In short, they weren’t buying what he was trying to sell, something that would prove disastrous on November 2 because, while we can debate about the make-up of the party’s base and the definition of its “working class” component, two things are inarguable: first, that 2010 was the third change election in a row and, second, the base, amorphous and hard-to-define as it may be, is critically important in such elections because it is the one group that can be counted on to stay the course.
That fact is underscored by the results of the CWCS survey. Although deeply pessimistic about the state of the economy and the future, 69% continue to have a favorable opinion of the president and more than 70% favored Ted Strickland over John Kasich in the race for Ohio governor.
Unfortunately, poll results aren’t ballots, and as happened in 1994, the disaffected members of base did what the disaffected and disappointed do: they stayed at home. Voter turnout in traditional Democratic strongholds like Mahoning, Trumbull, Cuyahoga, and Summit counties fell well below 50%, depriving Strickland of the votes he needed in what turned out to be a very close election. As a result Ohio, the swing state of all swing states, fell into the hands of the Republicans–bad news for the Democratic president who will almost certainly need to carry the state if he hopes to win reelection in 2012. As CWCS co-director, John Russo, said in March 2010, “working people are looking elsewhere for agency and voice.”
Finally, while we may have witnessed a copycat killing, the effects of this year’s election have the potential to be more wide-reaching and long-lasting than what followed the Democratic drubbing of 1994. Unlike that year, this mid-term fell immediately before the redistricting process will begin across the country. Mr. Obama’s failures have placed the redistricting pen—actually it’s more likely to be a computer mouse these days—in GOP hands in a vast majority of states. That means the likelihood of Democrats regaining the majority in the U.S. House any time soon is extremely remote.
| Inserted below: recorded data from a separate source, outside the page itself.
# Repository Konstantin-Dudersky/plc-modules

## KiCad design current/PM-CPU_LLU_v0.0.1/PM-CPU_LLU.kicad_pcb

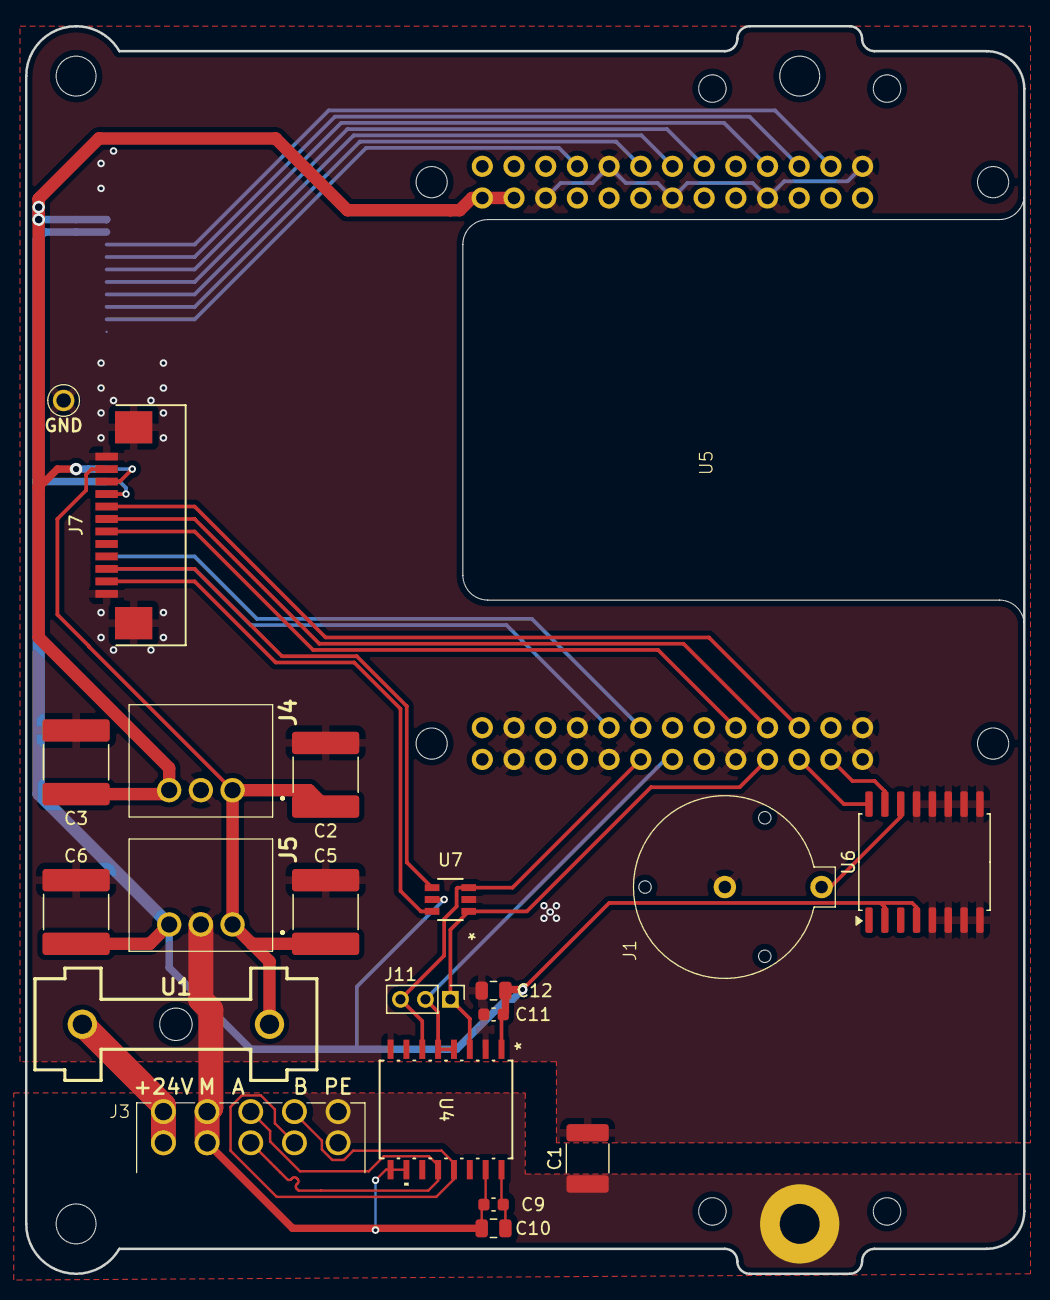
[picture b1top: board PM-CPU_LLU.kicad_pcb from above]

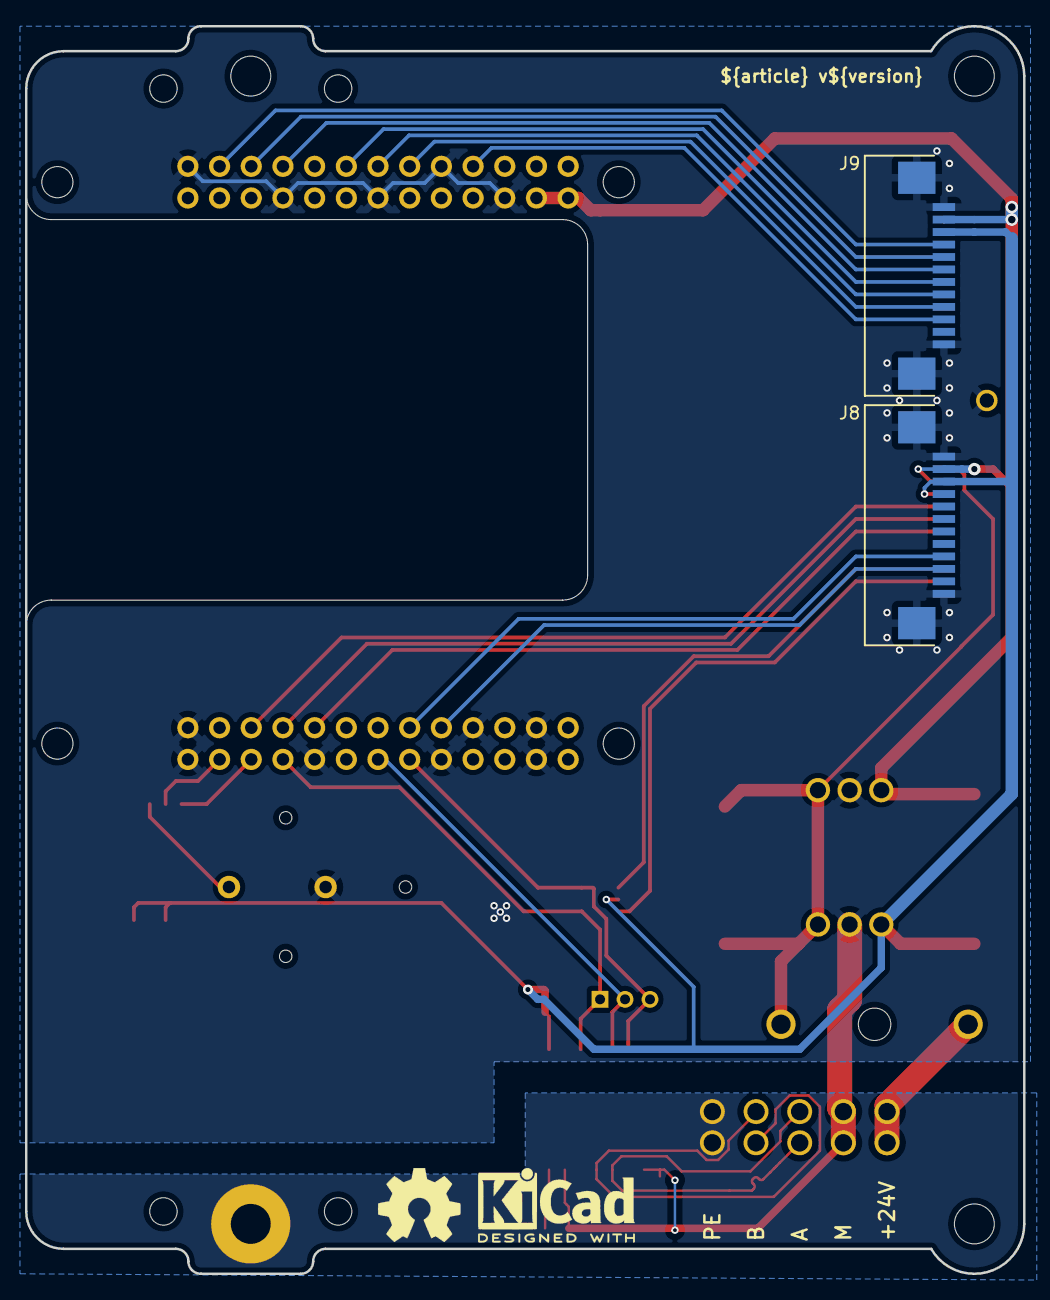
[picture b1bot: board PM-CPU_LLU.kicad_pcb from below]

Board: 2 copper layers, 80.0 x 100.0 mm, 30 parts (4 on the bottom side), 29 nets.

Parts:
C1: 4.7nF 2kV; C_1812_4532Metric
C2, C3, C5, C6: 22uF; C_2220_5750Metric
C9, C11: 100nF; C_0603_1608Metric
C10, C12: 10uF; C_0805_2012Metric
H1, H2, H3: MountingHole_M3
J1: BS-12-A1AJ002-F
J3: 15EDGRHC-THR-3.5-10P
J4: K7805-2000R3
J5: K7803-2000R3; K7805-2000R3
J7, J8, J9: AFA07-S10FCC-00; CONN10_AFA07-S12_JUS
J11: PinHeader_01x03_P2.00_THT_straight; PinHeader_1x03_P2.00mm_Vertical
PE1: PE
SP1: PM_LED-xx-v0.0.1
U1: 64900001039; 649-Series-Holder
U2: 5117
U4: CA-IS3098W; SOIC16-WBW_CLG
U5: LuckfoxLyraUltra
U6: DS3231; SOIC-16W_7.5x10.3mm_P1.27mm
U7: SN74LVC2G14DBVR; DBV6-M
kicad_logo: KiCad-Logo2_5mm_SilkScreen
oshw_logo: OSHW-Symbol_6.7x6mm_SilkScreen

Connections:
+3.3V_BUS: C9.1, C10.1, U4.16 (VISO)
+3.3V_CPU: C6.1, C11.1, C12.1, J5.3 (+VO), J7.9, J8.3, J9.3, U4.1 (VDD), U6.2 (VCC), U6.4 (~RST), U7.5 (VCC)
+5V_CPU: C3.1, J4.3 (+VO), J7.10, J8.2, J9.2, U5.10 (VSYS), U5.11 (VSYS)
+24V_BUS: J3.1, J3.6 (Pin_2), U1.1
+24V_fuse: C2.1, C5.1, J4.1 (VIN), J5.1 (VIN), J7.11, U1.2
/A: J3.3, J3.8 (Pin_6), U4.12 (A)
/B: J3.4, J3.9 (Pin_8), U4.13 (B)
/I2C0_SCL: J8.10, U5.24 (RM_IO24)
/I2C0_SDA: J8.9, U5.25 (RM_IO25)
/I2C1_SCL: U5.3A (RM_IO18), U6.16 (SCL)
/I2C1_SDA: U5.3B (RM_IO20), U6.15 (SDA)
/LED_0: J7.8, U5.2A (RM_IO30)
/LED_1: J7.7, U5.29 (RM_IO29)
/LED_2: J7.6, U5.28 (RM_IO28)
/SPI_CS0: J9.7, U5.07 (RM_IO5)
/SPI_CS1: J9.8, U5.06 (RM_IO4)
/SPI_CS2: J9.9, U5.05 (RM_IO3)
/SPI_CS3: J9.10, U5.03 (RM_IO2)
/SPI_MISO: J9.5, U5.0A (RM_IO7)
/SPI_MOSI: J9.4, U5.0B (RM_IO8)
/SPI_SCK: J9.6, U5.09 (RM_IO6)
/UART_RTS: J11.2, U4.4 (RE), U4.5 (DE), U5.36
/UART_RX: J11.1, U4.3 (RO), U5.39 (RM_IO17), U7.1 (1A)
/UART_RX_LED: J7.2, U7.6 (1Y)
/UART_TX: J11.3, U4.6 (DI), U5.35 (RM_IO16), U7.3 (2A)
/UART_TX_LED: J7.3, U7.4 (2Y)
/Vbat: J1.1, U6.14 (VBAT)
GND_BUS: C1.2, C2.2, C3.2, C5.2, C6.2, C9.2, C10.2, C11.2, C12.2, J1.2, J3.2 (Pin_3), J3.7 (Pin_4), J4.2 (GND), J5.2 (GND), J7.1, J7.12 (Pin_11), J7.13 (Pin_11), J8.1, J8.12 (Pin_11), J8.13 (Pin_11), J9.1, J9.12 (Pin_11), J9.13 (Pin_11), U2.1, U4.2 (GNDA), U4.8 (GNDA), U4.9 (GNDB), U4.10 (SEL), U4.15 (GNDB), U5.0C (GND), U5.2C (GND), U5.3C (GND), U5.04 (GND), U5.12 (GND), U5.16 (GND), U5.19 (GND), U5.21 (GND), U5.23 (GND), U5.31 (GND), U5.34 (GND), U5.38 (GND), U6.5 (GND), U6.6 (GND), U6.7 (GND), U6.8 (GND), U6.9 (GND), U6.10 (GND), U6.11 (GND), U6.12 (GND), U6.13 (GND), U7.2 (GND)
PE: C1.1, J3.5 (Pin_9), J3.10, PE1.1

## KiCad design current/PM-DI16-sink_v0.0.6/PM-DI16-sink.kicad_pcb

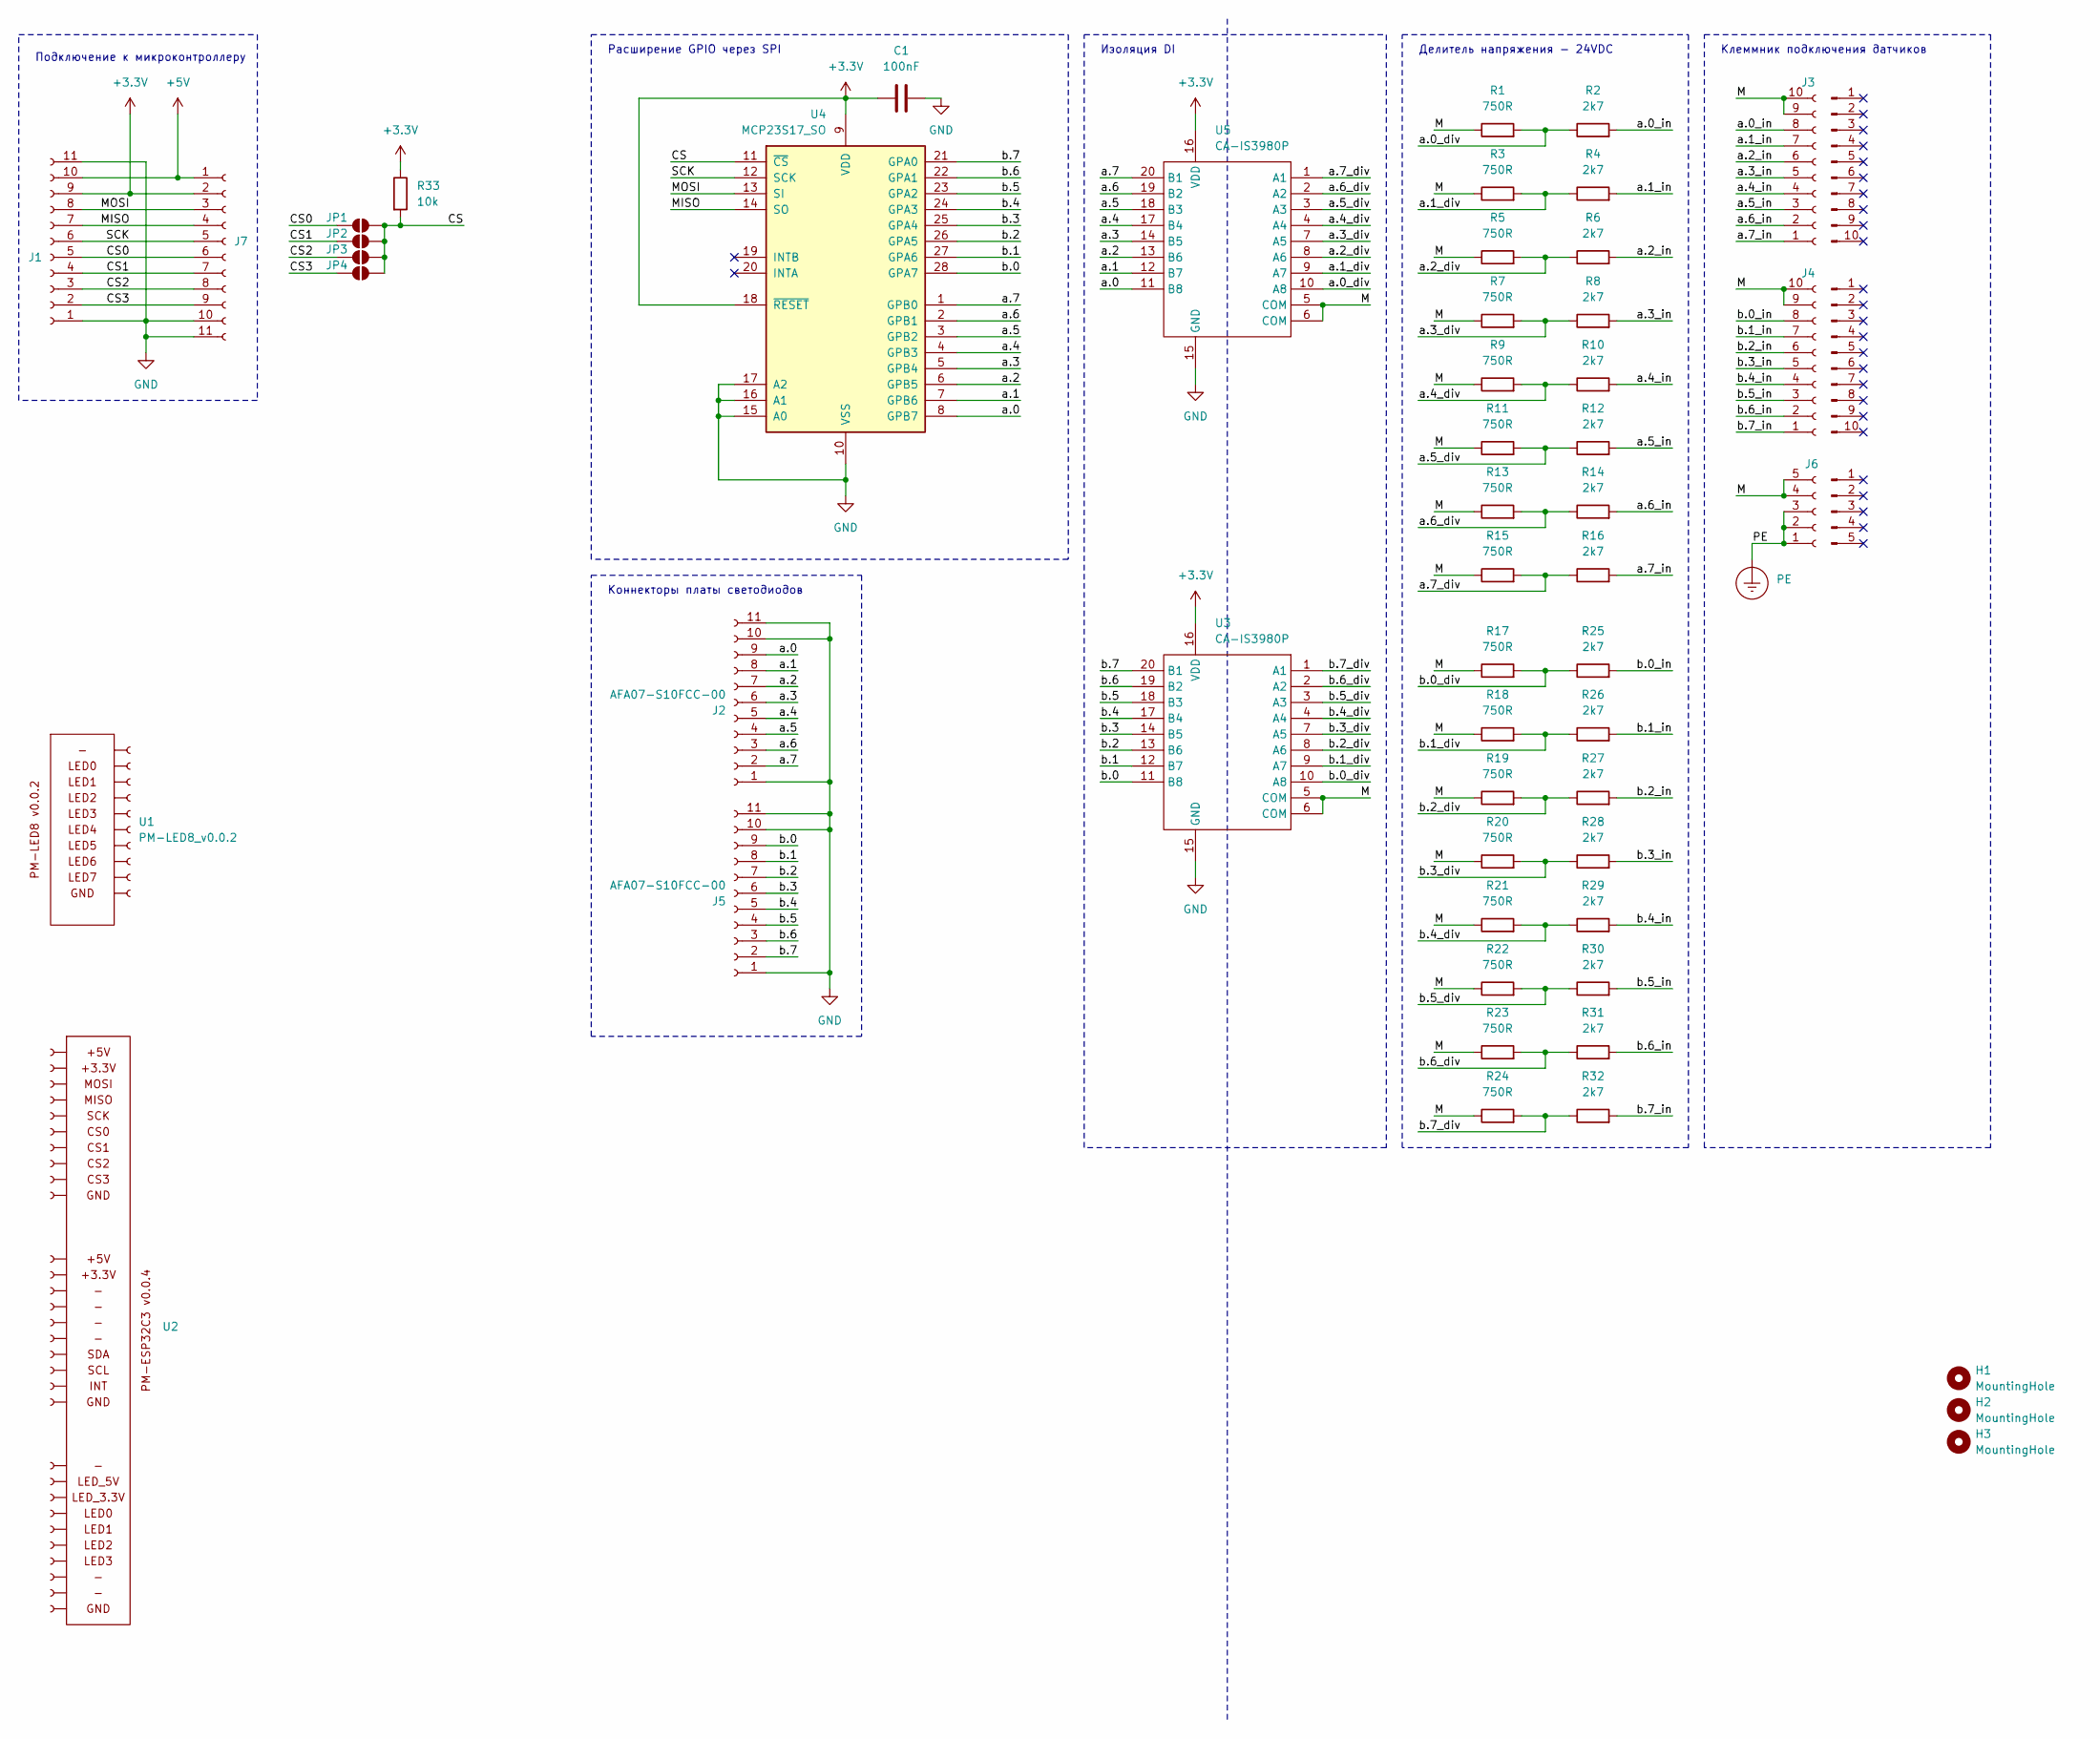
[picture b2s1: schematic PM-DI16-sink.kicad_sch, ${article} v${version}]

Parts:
C1: 100nF; C_0603_1608Metric; part_ipn C_100nF_16V_0603_MLCC-X7R
H1, H2, H3: MountingHole; MountingHole_3.2mm_M3
J1, J2, J5, J7: AFA07-S10FCC-00; CONN10_AFA07-S10_JUS; part_ipn AFA07-S10FCC-00
J3, J4: 15EDGRC-3.5-10P; part_ipn 15EDGRC-3.5-10P
J6: 15EDGRC-3.5-05P; part_ipn 15EDGRC-3.5-05P
J8, J9: 15EDGK-3.5-10P; part_ipn 15EDGK-3.5-10P
J10: 15EDGK-3.5-05P; part_ipn 15EDGK-3.5-05P
JP1, JP2, JP3, JP4: SolderJumper_2_Open; SolderJumper-2_P1.3mm_Open_RoundedPad1.0x1.5mm
PE1: PE
R1, R3, R5, R7, R9, R11, R13, R15, R17, R18, R19, R20, R21, R22, R23, R24: 750R; R_0603_1608Metric; part_ipn R_750R_0603_1%
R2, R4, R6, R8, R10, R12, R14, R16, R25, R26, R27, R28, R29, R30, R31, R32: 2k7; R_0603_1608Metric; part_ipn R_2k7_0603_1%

In addition, unlike Mr. Clinton, who recovered from the battering he took during his first two years in office by working with the Republicans on welfare reform and riding the economic boom of the mid-90s, Mr. Obama faces recalcitrant Congressional Republicans who are committed to driving him from office, a deeply troubled economy that is not expected to grow significantly over the next two years, and a Democratic base that will grow even more frustrated if he follows what appears to be his natural instincts and compromises with the GOP on critically important issues.
As of this moment, the White House seems unconcerned about their dimming prospects for the future, apparently buoyed by their belief in the cliché that you can’t beat someone with no one, a reference to the currently weak field of Republican presidential hopefuls.
They would do well to remember that history has a way of repeating itself and that Bill Clinton was the “no one” George Bush was unconcerned about in 1992.